Enterprise Hadoop: Big data processing made easier
Amazon, Cloudera, Hortonworks, IBM, and MapR mix simpler setup of Hadoop clusters with proprietary twists and trade-offsFollow @peterwayner
The value of this approach will depend on the seriousness of your job. If your Hadoop data is mission critical or simply has to be ready most of the time, you'll definitely be interested in the extra features for preserving the data and keeping up the cluster. But if you're processing log files and generating reports that can wait a few hours or even days, there's not much need for it. Restarting your cluster when the NameNode fails is kind of a pain, but not if you have the slack in your system to begin again.
The value will also depend on the nature of your calculations. If you do many short calculations, then restarting isn't a big problem. But if your jobs last hours, days, or especially weeks, the ability to store snapshots becomes more and more valuable.
There is a cost for some of these features. I couldn't install the M3 distribution on my cluster of machines in the Rackspace cloud because it requires access to "physical hard drives." In other words, the NFS code from MapR burrows fairly deeply into the file system to generate the performance gains. It can't work its magic with all of the layers of virtualization in some environments. This won't be an issue if you're using real machines with real disks, but it can be a roadblock in some of the new virtual worlds.
I ended up doing my testing with a VMware version that worked with MapR's version of Ubuntu.
I have to say that the direct access to NFS is a nice feature. Although it's always possible to move the data in and out of HDFS with the regular tools, it's much easier to integrate the system with a direct NFS link. I wouldn't be surprised if some errant tool occasionally introduces a bug because the data is not run through HDFS, but I'm guessing the occasional problems will be worth the trade-off.
It's clear that MapR is putting most of its effort into the code under the hood. The Web console for monitoring jobs is perfectly nice, but it lacks some of the gaudier features you'll find in other distributions. I even found myself kicking off jobs by typing "hadoop" into a command line. There's nothing missing that will get in the way of serious work, but the interface isn't as accessible for new users as some of the others.

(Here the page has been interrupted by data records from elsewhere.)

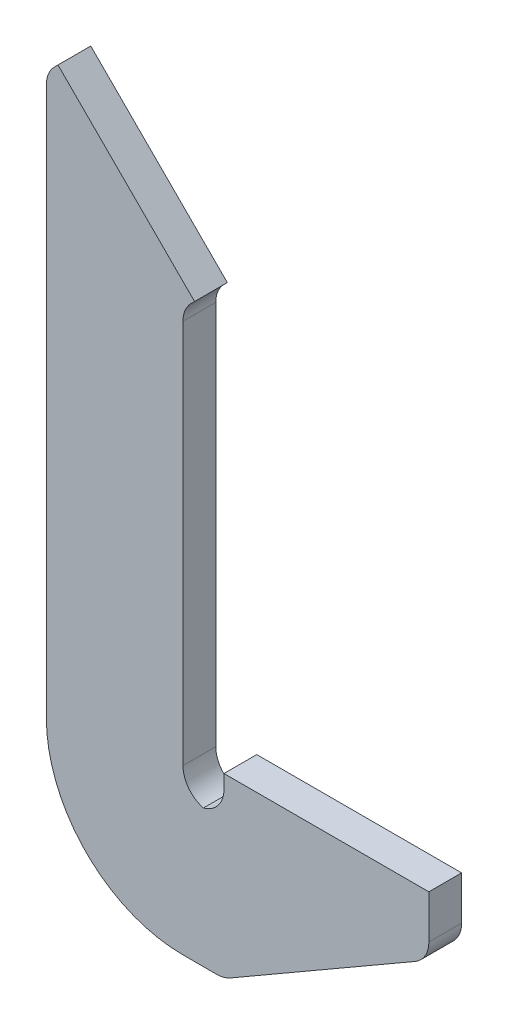
ISO-10303-21;
HEADER;
FILE_DESCRIPTION(('STEP AP214'),'2;1');
FILE_NAME('part.step','',(''),(''),'','','');
FILE_SCHEMA(('AUTOMOTIVE_DESIGN { 1 0 10303 214 1 1 1 1 }'));
ENDSEC;
DATA;
#1=APPLICATION_CONTEXT('core data for automotive mechanical design processes');
#2=APPLICATION_PROTOCOL_DEFINITION('international standard','automotive_design',2000,#1);
#3=PRODUCT_CONTEXT('',#1,'mechanical');
#4=PRODUCT('Part','Part','',(#3));
#5=PRODUCT_RELATED_PRODUCT_CATEGORY('part','',(#4));
#6=PRODUCT_DEFINITION_FORMATION('','',#4);
#7=PRODUCT_DEFINITION_CONTEXT('part definition',#1,'design');
#8=PRODUCT_DEFINITION('design','',#6,#7);
#9=PRODUCT_DEFINITION_SHAPE('','',#8);
#10=(LENGTH_UNIT() NAMED_UNIT(*) SI_UNIT(.MILLI.,.METRE.));
#11=(NAMED_UNIT(*) PLANE_ANGLE_UNIT() SI_UNIT($,.RADIAN.));
#12=(NAMED_UNIT(*) SI_UNIT($,.STERADIAN.) SOLID_ANGLE_UNIT());
#13=UNCERTAINTY_MEASURE_WITH_UNIT(LENGTH_MEASURE(1.E-05),#10,'distance_accuracy_value','');
#14=(GEOMETRIC_REPRESENTATION_CONTEXT(3) GLOBAL_UNCERTAINTY_ASSIGNED_CONTEXT((#13)) GLOBAL_UNIT_ASSIGNED_CONTEXT((#10,
#11,#12)) REPRESENTATION_CONTEXT('',''));
#15=CARTESIAN_POINT('',(0.,0.,0.));
#16=DIRECTION('',(0.,0.,1.));
#17=DIRECTION('',(1.,0.,0.));
#18=AXIS2_PLACEMENT_3D('',#15,#16,#17);
#19=CARTESIAN_POINT('',(-2.71514718625761,3.88485281374241,0.12));
#20=DIRECTION('',(0.707106781186544,-0.707106781186551,0.));
#21=DIRECTION('',(0.707106781186551,0.707106781186544,0.));
#22=AXIS2_PLACEMENT_3D('',#19,#20,#21);
#23=PLANE('',#22);
#24=DIRECTION('',(-0.707106781186551,-0.707106781186544,0.));
#25=VECTOR('',#24,1.);
#26=CARTESIAN_POINT('',(-2.71514718625761,3.88485281374241,-0.12));
#27=LINE('',#26,#25);
#28=CARTESIAN_POINT('',(-2.71514718625761,3.88485281374241,-0.12));
#29=VERTEX_POINT('',#28);
#30=CARTESIAN_POINT('',(-2.74142135623731,3.85857864376271,-0.12));
#31=VERTEX_POINT('',#30);
#32=EDGE_CURVE('E245',#29,#31,#27,.T.);
#33=ORIENTED_EDGE('',*,*,#32,.T.);
#34=DIRECTION('',(0.,0.,-1.));
#35=VECTOR('',#34,1.);
#36=CARTESIAN_POINT('',(-2.74142135623731,3.85857864376271,0.12));
#37=LINE('',#36,#35);
#38=CARTESIAN_POINT('',(-2.74142135623731,3.85857864376271,0.12));
#39=VERTEX_POINT('',#38);
#40=EDGE_CURVE('E326',#31,#39,#37,.F.);
#41=ORIENTED_EDGE('',*,*,#40,.T.);
#42=DIRECTION('',(-0.707106781186551,-0.707106781186544,0.));
#43=VECTOR('',#42,1.);
#44=CARTESIAN_POINT('',(-2.71514718625761,3.88485281374241,0.12));
#45=LINE('',#44,#43);
#46=CARTESIAN_POINT('',(-2.71514718625761,3.88485281374241,0.12));
#47=VERTEX_POINT('',#46);
#48=EDGE_CURVE('E279',#47,#39,#45,.T.);
#49=ORIENTED_EDGE('',*,*,#48,.F.);
#50=DIRECTION('',(0.,0.,-1.));
#51=VECTOR('',#50,1.);
#52=CARTESIAN_POINT('',(-2.71514718625761,3.88485281374241,0.12));
#53=LINE('',#52,#51);
#54=EDGE_CURVE('E244',#47,#29,#53,.T.);
#55=ORIENTED_EDGE('',*,*,#54,.T.);
#56=EDGE_LOOP('',(#33,#41,#49,#55));
#57=FACE_BOUND('',#56,.T.);
#58=ADVANCED_FACE('F44',(#57),#23,.F.);
#59=CARTESIAN_POINT('',(-2.8,3.80000000000002,0.12));
#60=DIRECTION('',(1.,0.,0.));
#61=DIRECTION('',(0.,1.,0.));
#62=AXIS2_PLACEMENT_3D('',#59,#60,#61);
#63=PLANE('',#62);
#64=DIRECTION('',(0.,-1.,0.));
#65=VECTOR('',#64,1.);
#66=CARTESIAN_POINT('',(-2.8,3.80000000000002,0.12));
#67=LINE('',#66,#65);
#68=CARTESIAN_POINT('',(-2.8,3.7171572875254,0.12));
#69=VERTEX_POINT('',#68);
#70=CARTESIAN_POINT('',(-2.8,-0.3,0.12));
#71=VERTEX_POINT('',#70);
#72=EDGE_CURVE('E371',#69,#71,#67,.T.);
#73=ORIENTED_EDGE('',*,*,#72,.F.);
#74=DIRECTION('',(0.,0.,-1.));
#75=VECTOR('',#74,1.);
#76=CARTESIAN_POINT('',(-2.8,3.7171572875254,0.12));
#77=LINE('',#76,#75);
#78=CARTESIAN_POINT('',(-2.8,3.7171572875254,-0.12));
#79=VERTEX_POINT('',#78);
#80=EDGE_CURVE('E313',#69,#79,#77,.T.);
#81=ORIENTED_EDGE('',*,*,#80,.T.);
#82=DIRECTION('',(0.,-1.,0.));
#83=VECTOR('',#82,1.);
#84=CARTESIAN_POINT('',(-2.8,3.80000000000002,-0.12));
#85=LINE('',#84,#83);
#86=CARTESIAN_POINT('',(-2.8,-0.3,-0.12));
#87=VERTEX_POINT('',#86);
#88=EDGE_CURVE('E249',#79,#87,#85,.T.);
#89=ORIENTED_EDGE('',*,*,#88,.T.);
#90=DIRECTION('',(0.,0.,-1.));
#91=VECTOR('',#90,1.);
#92=CARTESIAN_POINT('',(-2.8,-0.3,0.12));
#93=LINE('',#92,#91);
#94=EDGE_CURVE('E296',#87,#71,#93,.F.);
#95=ORIENTED_EDGE('',*,*,#94,.T.);
#96=EDGE_LOOP('',(#73,#81,#89,#95));
#97=FACE_BOUND('',#96,.T.);
#98=ADVANCED_FACE('F384',(#97),#63,.F.);
#99=CARTESIAN_POINT('',(-2.8,-1.3,0.12));
#100=DIRECTION('',(0.,1.,0.));
#101=DIRECTION('',(0.,0.,1.));
#102=AXIS2_PLACEMENT_3D('',#99,#100,#101);
#103=PLANE('',#102);
#104=DIRECTION('',(1.,0.,0.));
#105=VECTOR('',#104,1.);
#106=CARTESIAN_POINT('',(-2.8,-1.3,-0.12));
#107=LINE('',#106,#105);
#108=CARTESIAN_POINT('',(-1.8,-1.3,-0.12));
#109=VERTEX_POINT('',#108);
#110=CARTESIAN_POINT('',(-1.55358983848622,-1.3,-0.12));
#111=VERTEX_POINT('',#110);
#112=EDGE_CURVE('E252',#109,#111,#107,.T.);
#113=ORIENTED_EDGE('',*,*,#112,.T.);
#114=DIRECTION('',(0.,0.,-1.));
#115=VECTOR('',#114,1.);
#116=CARTESIAN_POINT('',(-1.55358983848622,-1.3,0.12));
#117=LINE('',#116,#115);
#118=CARTESIAN_POINT('',(-1.55358983848622,-1.3,0.12));
#119=VERTEX_POINT('',#118);
#120=EDGE_CURVE('E344',#111,#119,#117,.F.);
#121=ORIENTED_EDGE('',*,*,#120,.T.);
#122=DIRECTION('',(1.,0.,0.));
#123=VECTOR('',#122,1.);
#124=CARTESIAN_POINT('',(-2.8,-1.3,0.12));
#125=LINE('',#124,#123);
#126=CARTESIAN_POINT('',(-1.8,-1.3,0.12));
#127=VERTEX_POINT('',#126);
#128=EDGE_CURVE('E368',#127,#119,#125,.T.);
#129=ORIENTED_EDGE('',*,*,#128,.F.);
#130=DIRECTION('',(0.,0.,-1.));
#131=VECTOR('',#130,1.);
#132=CARTESIAN_POINT('',(-1.8,-1.3,0.12));
#133=LINE('',#132,#131);
#134=EDGE_CURVE('E220',#127,#109,#133,.T.);
#135=ORIENTED_EDGE('',*,*,#134,.T.);
#136=EDGE_LOOP('',(#113,#121,#129,#135));
#137=FACE_BOUND('',#136,.T.);
#138=ADVANCED_FACE('F391',(#137),#103,.F.);
#139=CARTESIAN_POINT('',(-1.5,-1.3,0.12));
#140=DIRECTION('',(-0.499999999999998,0.86602540378444,0.));
#141=DIRECTION('',(-0.86602540378444,-0.499999999999998,0.));
#142=AXIS2_PLACEMENT_3D('',#139,#140,#141);
#143=PLANE('',#142);
#144=DIRECTION('',(0.86602540378444,0.499999999999998,0.));
#145=VECTOR('',#144,1.);
#146=CARTESIAN_POINT('',(-1.5,-1.3,0.12));
#147=LINE('',#146,#145);
#148=CARTESIAN_POINT('',(-1.45358983848622,-1.27320508075689,0.12));
#149=VERTEX_POINT('',#148);
#150=CARTESIAN_POINT('',(-0.1,-0.491709623134528,0.12));
#151=VERTEX_POINT('',#150);
#152=EDGE_CURVE('E210',#149,#151,#147,.T.);
#153=ORIENTED_EDGE('',*,*,#152,.F.);
#154=DIRECTION('',(0.,0.,-1.));
#155=VECTOR('',#154,1.);
#156=CARTESIAN_POINT('',(-1.45358983848622,-1.27320508075689,0.12));
#157=LINE('',#156,#155);
#158=CARTESIAN_POINT('',(-1.45358983848622,-1.27320508075689,-0.12));
#159=VERTEX_POINT('',#158);
#160=EDGE_CURVE('E340',#149,#159,#157,.T.);
#161=ORIENTED_EDGE('',*,*,#160,.T.);
#162=DIRECTION('',(0.86602540378444,0.499999999999998,0.));
#163=VECTOR('',#162,1.);
#164=CARTESIAN_POINT('',(-1.5,-1.3,-0.12));
#165=LINE('',#164,#163);
#166=CARTESIAN_POINT('',(-0.1,-0.491709623134528,-0.12));
#167=VERTEX_POINT('',#166);
#168=EDGE_CURVE('E256',#159,#167,#165,.T.);
#169=ORIENTED_EDGE('',*,*,#168,.T.);
#170=DIRECTION('',(0.,0.,-1.));
#171=VECTOR('',#170,1.);
#172=CARTESIAN_POINT('',(-0.1,-0.491709623134528,0.12));
#173=LINE('',#172,#171);
#174=EDGE_CURVE('E337',#167,#151,#173,.F.);
#175=ORIENTED_EDGE('',*,*,#174,.T.);
#176=EDGE_LOOP('',(#153,#161,#169,#175));
#177=FACE_BOUND('',#176,.T.);
#178=ADVANCED_FACE('F401',(#177),#143,.F.);
#179=CARTESIAN_POINT('',(0.,-0.433974596215566,0.12));
#180=DIRECTION('',(-1.,0.,0.));
#181=DIRECTION('',(0.,-1.,0.));
#182=AXIS2_PLACEMENT_3D('',#179,#180,#181);
#183=PLANE('',#182);
#184=DIRECTION('',(0.,1.,0.));
#185=VECTOR('',#184,1.);
#186=CARTESIAN_POINT('',(0.,-0.433974596215566,0.12));
#187=LINE('',#186,#185);
#188=CARTESIAN_POINT('',(0.,-0.31850454237764,0.12));
#189=VERTEX_POINT('',#188);
#190=CARTESIAN_POINT('',(0.,0.,0.12));
#191=VERTEX_POINT('',#190);
#192=EDGE_CURVE('E196',#189,#191,#187,.T.);
#193=ORIENTED_EDGE('',*,*,#192,.F.);
#194=DIRECTION('',(0.,0.,-1.));
#195=VECTOR('',#194,1.);
#196=CARTESIAN_POINT('',(0.,-0.31850454237764,0.12));
#197=LINE('',#196,#195);
#198=CARTESIAN_POINT('',(0.,-0.31850454237764,-0.12));
#199=VERTEX_POINT('',#198);
#200=EDGE_CURVE('E347',#189,#199,#197,.T.);
#201=ORIENTED_EDGE('',*,*,#200,.T.);
#202=DIRECTION('',(0.,1.,0.));
#203=VECTOR('',#202,1.);
#204=CARTESIAN_POINT('',(0.,-0.433974596215566,-0.12));
#205=LINE('',#204,#203);
#206=CARTESIAN_POINT('',(0.,0.,-0.12));
#207=VERTEX_POINT('',#206);
#208=EDGE_CURVE('E216',#199,#207,#205,.T.);
#209=ORIENTED_EDGE('',*,*,#208,.T.);
#210=DIRECTION('',(0.,0.,-1.));
#211=VECTOR('',#210,1.);
#212=CARTESIAN_POINT('',(0.,0.,0.12));
#213=LINE('',#212,#211);
#214=EDGE_CURVE('E213',#191,#207,#213,.T.);
#215=ORIENTED_EDGE('',*,*,#214,.F.);
#216=EDGE_LOOP('',(#193,#201,#209,#215));
#217=FACE_BOUND('',#216,.T.);
#218=ADVANCED_FACE('F214',(#217),#183,.F.);
#219=CARTESIAN_POINT('',(0.,0.,0.12));
#220=DIRECTION('',(0.,-1.,0.));
#221=DIRECTION('',(0.,0.,-1.));
#222=AXIS2_PLACEMENT_3D('',#219,#220,#221);
#223=PLANE('',#222);
#224=DIRECTION('',(-1.,0.,0.));
#225=VECTOR('',#224,1.);
#226=CARTESIAN_POINT('',(0.,0.,-0.12));
#227=LINE('',#226,#225);
#228=CARTESIAN_POINT('',(-1.5,0.,-0.12));
#229=VERTEX_POINT('',#228);
#230=EDGE_CURVE('E262',#207,#229,#227,.T.);
#231=ORIENTED_EDGE('',*,*,#230,.T.);
#232=DIRECTION('',(0.,0.,-1.));
#233=VECTOR('',#232,1.);
#234=CARTESIAN_POINT('',(-1.5,0.,0.12));
#235=LINE('',#234,#233);
#236=CARTESIAN_POINT('',(-1.5,0.,0.12));
#237=VERTEX_POINT('',#236);
#238=EDGE_CURVE('E221',#237,#229,#235,.T.);
#239=ORIENTED_EDGE('',*,*,#238,.F.);
#240=DIRECTION('',(-1.,0.,0.));
#241=VECTOR('',#240,1.);
#242=CARTESIAN_POINT('',(0.,0.,0.12));
#243=LINE('',#242,#241);
#244=EDGE_CURVE('E201',#191,#237,#243,.T.);
#245=ORIENTED_EDGE('',*,*,#244,.F.);
#246=ORIENTED_EDGE('',*,*,#214,.T.);
#247=EDGE_LOOP('',(#231,#239,#245,#246));
#248=FACE_BOUND('',#247,.T.);
#249=ADVANCED_FACE('F223',(#248),#223,.F.);
#250=CARTESIAN_POINT('',(-1.5,0.,0.12));
#251=DIRECTION('',(1.,0.,0.));
#252=DIRECTION('',(0.,0.,-1.));
#253=AXIS2_PLACEMENT_3D('',#250,#251,#252);
#254=PLANE('',#253);
#255=DIRECTION('',(0.,-1.,0.));
#256=VECTOR('',#255,1.);
#257=CARTESIAN_POINT('',(-1.5,0.,-0.12));
#258=LINE('',#257,#256);
#259=CARTESIAN_POINT('',(-1.5,-0.1,-0.12));
#260=VERTEX_POINT('',#259);
#261=EDGE_CURVE('E265',#229,#260,#258,.T.);
#262=ORIENTED_EDGE('',*,*,#261,.T.);
#263=DIRECTION('',(0.,0.,-1.));
#264=VECTOR('',#263,1.);
#265=CARTESIAN_POINT('',(-1.5,-0.1,0.12));
#266=LINE('',#265,#264);
#267=CARTESIAN_POINT('',(-1.5,-0.1,0.12));
#268=VERTEX_POINT('',#267);
#269=EDGE_CURVE('E350',#260,#268,#266,.F.);
#270=ORIENTED_EDGE('',*,*,#269,.T.);
#271=DIRECTION('',(0.,-1.,0.));
#272=VECTOR('',#271,1.);
#273=CARTESIAN_POINT('',(-1.5,0.,0.12));
#274=LINE('',#273,#272);
#275=EDGE_CURVE('E227',#237,#268,#274,.T.);
#276=ORIENTED_EDGE('',*,*,#275,.F.);
#277=ORIENTED_EDGE('',*,*,#238,.T.);
#278=EDGE_LOOP('',(#262,#270,#276,#277));
#279=FACE_BOUND('',#278,.T.);
#280=ADVANCED_FACE('F407',(#279),#254,.F.);
#281=CARTESIAN_POINT('',(-1.8,-0.3,0.12));
#282=DIRECTION('',(-1.,0.,0.));
#283=DIRECTION('',(0.,0.,1.));
#284=AXIS2_PLACEMENT_3D('',#281,#282,#283);
#285=PLANE('',#284);
#286=DIRECTION('',(0.,1.,0.));
#287=VECTOR('',#286,1.);
#288=CARTESIAN_POINT('',(-1.8,-0.3,-0.12));
#289=LINE('',#288,#287);
#290=CARTESIAN_POINT('',(-1.8,-0.1,-0.12));
#291=VERTEX_POINT('',#290);
#292=CARTESIAN_POINT('',(-1.8,2.71715728752539,-0.12));
#293=VERTEX_POINT('',#292);
#294=EDGE_CURVE('E269',#291,#293,#289,.T.);
#295=ORIENTED_EDGE('',*,*,#294,.T.);
#296=DIRECTION('',(0.,0.,-1.));
#297=VECTOR('',#296,1.);
#298=CARTESIAN_POINT('',(-1.8,2.71715728752539,0.12));
#299=LINE('',#298,#297);
#300=CARTESIAN_POINT('',(-1.8,2.71715728752539,0.12));
#301=VERTEX_POINT('',#300);
#302=EDGE_CURVE('E310',#293,#301,#299,.F.);
#303=ORIENTED_EDGE('',*,*,#302,.T.);
#304=DIRECTION('',(0.,1.,0.));
#305=VECTOR('',#304,1.);
#306=CARTESIAN_POINT('',(-1.8,-0.3,0.12));
#307=LINE('',#306,#305);
#308=CARTESIAN_POINT('',(-1.8,-0.1,0.12));
#309=VERTEX_POINT('',#308);
#310=EDGE_CURVE('E231',#309,#301,#307,.T.);
#311=ORIENTED_EDGE('',*,*,#310,.F.);
#312=DIRECTION('',(0.,0.,-1.));
#313=VECTOR('',#312,1.);
#314=CARTESIAN_POINT('',(-1.8,-0.1,-0.12));
#315=LINE('',#314,#313);
#316=EDGE_CURVE('E307',#309,#291,#315,.T.);
#317=ORIENTED_EDGE('',*,*,#316,.T.);
#318=EDGE_LOOP('',(#295,#303,#311,#317));
#319=FACE_BOUND('',#318,.T.);
#320=ADVANCED_FACE('F417',(#319),#285,.F.);
#321=CARTESIAN_POINT('',(-1.8,2.80000000000001,0.12));
#322=DIRECTION('',(-0.707106781186548,0.707106781186547,0.));
#323=DIRECTION('',(-0.707106781186547,-0.707106781186548,0.));
#324=AXIS2_PLACEMENT_3D('',#321,#322,#323);
#325=PLANE('',#324);
#326=DIRECTION('',(0.707106781186547,0.707106781186548,0.));
#327=VECTOR('',#326,1.);
#328=CARTESIAN_POINT('',(-1.8,2.80000000000001,0.12));
#329=LINE('',#328,#327);
#330=CARTESIAN_POINT('',(-1.74142135623731,2.8585786437627,0.12));
#331=VERTEX_POINT('',#330);
#332=CARTESIAN_POINT('',(-1.71514718625761,2.8848528137424,0.12));
#333=VERTEX_POINT('',#332);
#334=EDGE_CURVE('E238',#331,#333,#329,.T.);
#335=ORIENTED_EDGE('',*,*,#334,.F.);
#336=DIRECTION('',(0.,0.,-1.));
#337=VECTOR('',#336,1.);
#338=CARTESIAN_POINT('',(-1.74142135623731,2.8585786437627,-0.12));
#339=LINE('',#338,#337);
#340=CARTESIAN_POINT('',(-1.74142135623731,2.8585786437627,-0.12));
#341=VERTEX_POINT('',#340);
#342=EDGE_CURVE('E303',#331,#341,#339,.T.);
#343=ORIENTED_EDGE('',*,*,#342,.T.);
#344=DIRECTION('',(0.707106781186547,0.707106781186548,0.));
#345=VECTOR('',#344,1.);
#346=CARTESIAN_POINT('',(-1.8,2.80000000000001,-0.12));
#347=LINE('',#346,#345);
#348=CARTESIAN_POINT('',(-1.71514718625761,2.8848528137424,-0.12));
#349=VERTEX_POINT('',#348);
#350=EDGE_CURVE('E273',#341,#349,#347,.T.);
#351=ORIENTED_EDGE('',*,*,#350,.T.);
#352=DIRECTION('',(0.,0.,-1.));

MapR also has some interesting partnerships. Many have noted that EMC is almost certainly repackaging MapR and selling it as part of the Greenplum collection of big data analytics tools. This suggests that we're already starting to see these stacks disappearing inside of other packages.
Hortonworks Data Platform
I wanted to test the Hortonworks distribution, but it wasn't ready when I was writing. The company will be concentrating on selling training and support while avoiding creating proprietary extensions.
"We are an open source company," Eric Baldeschwieler, the CEO, told me. "The only product we have is open source. We won't commit to never selling anything, but you won't see anything in the next year. We're committed to a complete open source, horizontal platform. We want people to be able to download everything they want for free. That differentiates us from everyone else in the market."
Indeed, the company employs a number of people with a deep knowledge of Hadoop gained from years at Yahoo. The company formally separated from Yahoo last year, and now it's looking for partnerships to support their work.
Hortonworks is currently running a private beta. I couldn't join it, but perhaps your company will be able to participate. In the meantime, you can grab Hadoop directly from Apache. It's guaranteed to be pretty close to what Hortonworks will be shipping, at least for the next year.